» Activity: Scan the listing beneath this sentence. Report each line with the word "against".

» Provided entries:
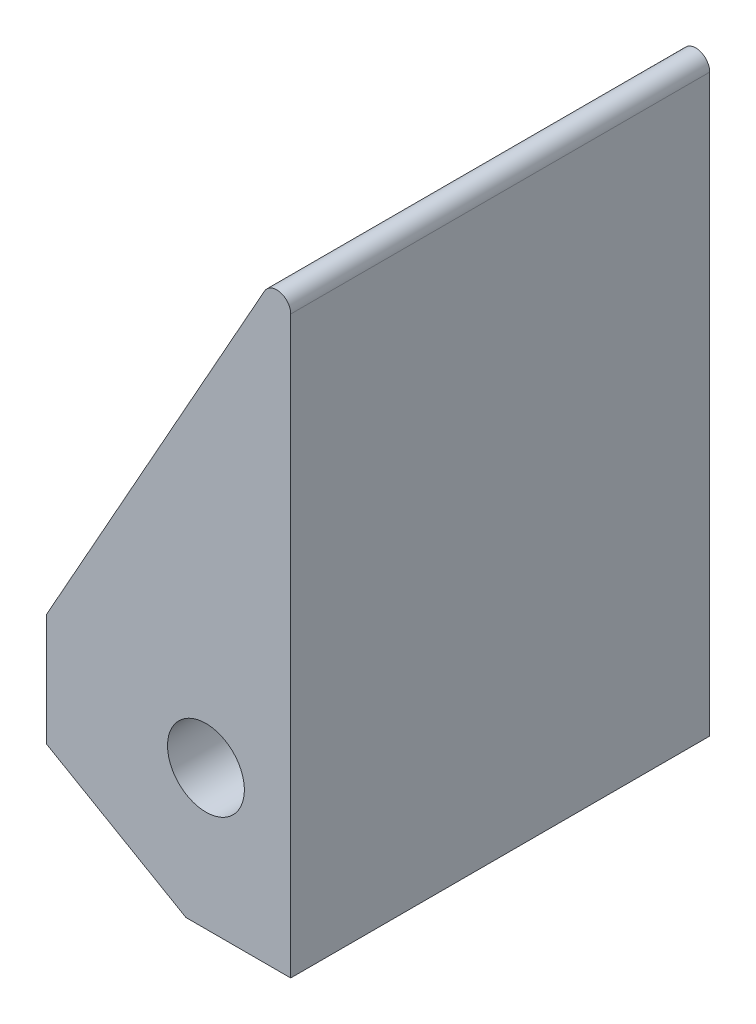
SolidWorks part; units mm, degrees
ref_plane "Front Plane" through (0, 0, 0) normal (0, 0, 1) x (1, 0, 0)
ref_plane "Top Plane" through (0, 0, 0) normal (0, 1, 0) x (1, 0, 0)
ref_plane "Right Plane" through (0, 0, 0) normal (1, 0, 0) x (0, 0, -1)
sketch "Sketch1" plane through (0, 0, 0) normal (0, 0, 1) x (1, 0, 0)
  line L0 (-8.1502, -18.2688) -> (1.8498, -24.0423)
  line L1 (1.8498, -24.0423) -> (9.3498, -24.0423)
  line L2 (-8.1502, -18.2688) -> (-8.1502, -10.2688)
  line L4 (9.3498, -24.0423) -> (9.3498, 20.9577)
  line L5 (-8.1502, -18.2688) -> (9.3498, 20.9577) construction
  line L6 (-0.9813, 2.5233) -> (9.3498, -24.0423) construction
  line L7 (-8.1502, -10.2688) -> (9.3498, 20.9577)
  point P0 (0, 0)
  dimension "D1" = 17.5
  dimension "D2" = 45
  dimension "D3" = 30
  dimension "D4" = 7.5
  dimension "D5" = 8
extrude "Boss-Extrude1" add sketch "Sketch1" along normal blind 30
sketch "Sketch2" plane through (0, 0, 0) normal (0, 0, -1) x (-1, 0, 0)
  line L0 (-1.8498, -24.0423) -> (-9.3498, -24.0423) construction
  line L1 (8.1502, -10.2688) -> (8.1502, -18.2688) construction
  circle A0 centre (-3.2798, -14.0423) radius 2.75
  circle A1 centre (-3.2798, -20.3923) radius 2
  dimension "D1" = 5.5
  dimension "D2" = 4
  dimension "D3" = 6.35
  dimension "D4" = 10
  dimension "D6" = 11.43
extrude "Cut-Extrude1" cut sketch "Sketch2" against normal through all contours A0 region at (3.2798, -14.0423, 0)
extrude "Cut-Extrude2" cut sketch "Sketch2<3>" against normal blind 11 contours A1 region at (3.2798, -20.3923, 0)
sketch "Sketch2<3>" plane through (0, 0, 0) normal (0, 0, -1) x (-1, 0, 0) same geometry as "Sketch2"
hole_wizard "M2.5x0.45 Tapped Hole1" positions "Sketch3" profile "Sketch5" tap size "M2.5x0.45" standard "ANSI Metric"
sketch "Sketch3" plane through (0, -24.0423, 0) normal (0, -1, 0) x (-1, 0, 0)
  line L2 (-1.8498, 0) -> (-9.3498, 0) construction
  point P0 (-5.5998, -16)
  point P14 (-5.5998, 0)
  dimension "D1" = 0
  dimension "D2" = 16
sketch "Sketch5" plane through (5.5998, -24.0423, 16) normal (1, 0, 0) x (0, 0, -1)
  line L0 (0, 0) -> (0, 8.1159)
  line L1 (0, 8.1159) -> (1.025, 7.5)
  line L2 (1.025, 7.5) -> (1.025, 0.25)
  line L3 (1.025, 0.25) -> (1.275, 0)
  line L5 (1.275, 0) -> (0, 0)
  line L6 (-1.025, 0.25) -> (-1.275, 0) construction
  line L10 (0, 8.1159) -> (-1.025, 7.5) construction
  line L11 (0, -6.35) -> (0, 107.95) construction
  dimension "Tap Drill Dia." = 2.05
  dimension "Tap Drill Depth" = 7.5
  dimension "Near C'Sink Dia." = 2.55
  dimension "Near C'Sink Angle" = 90
  dimension "Drill Angle" = 118
cosmetic thread "Hole Thread1" parameters "D1"=5, "D2"=2.5
fillet "Fillet1" radius 1 1 edges at (9.3498, 20.9577, 15)

» Answer to the problem:
extrude "Cut-Extrude1" cut sketch "Sketch2" against normal through all contours A0 region at (3.2798, -14.0423, 0)
extrude "Cut-Extrude2" cut sketch "Sketch2<3>" against normal blind 11 contours A1 region at (3.2798, -20.3923, 0)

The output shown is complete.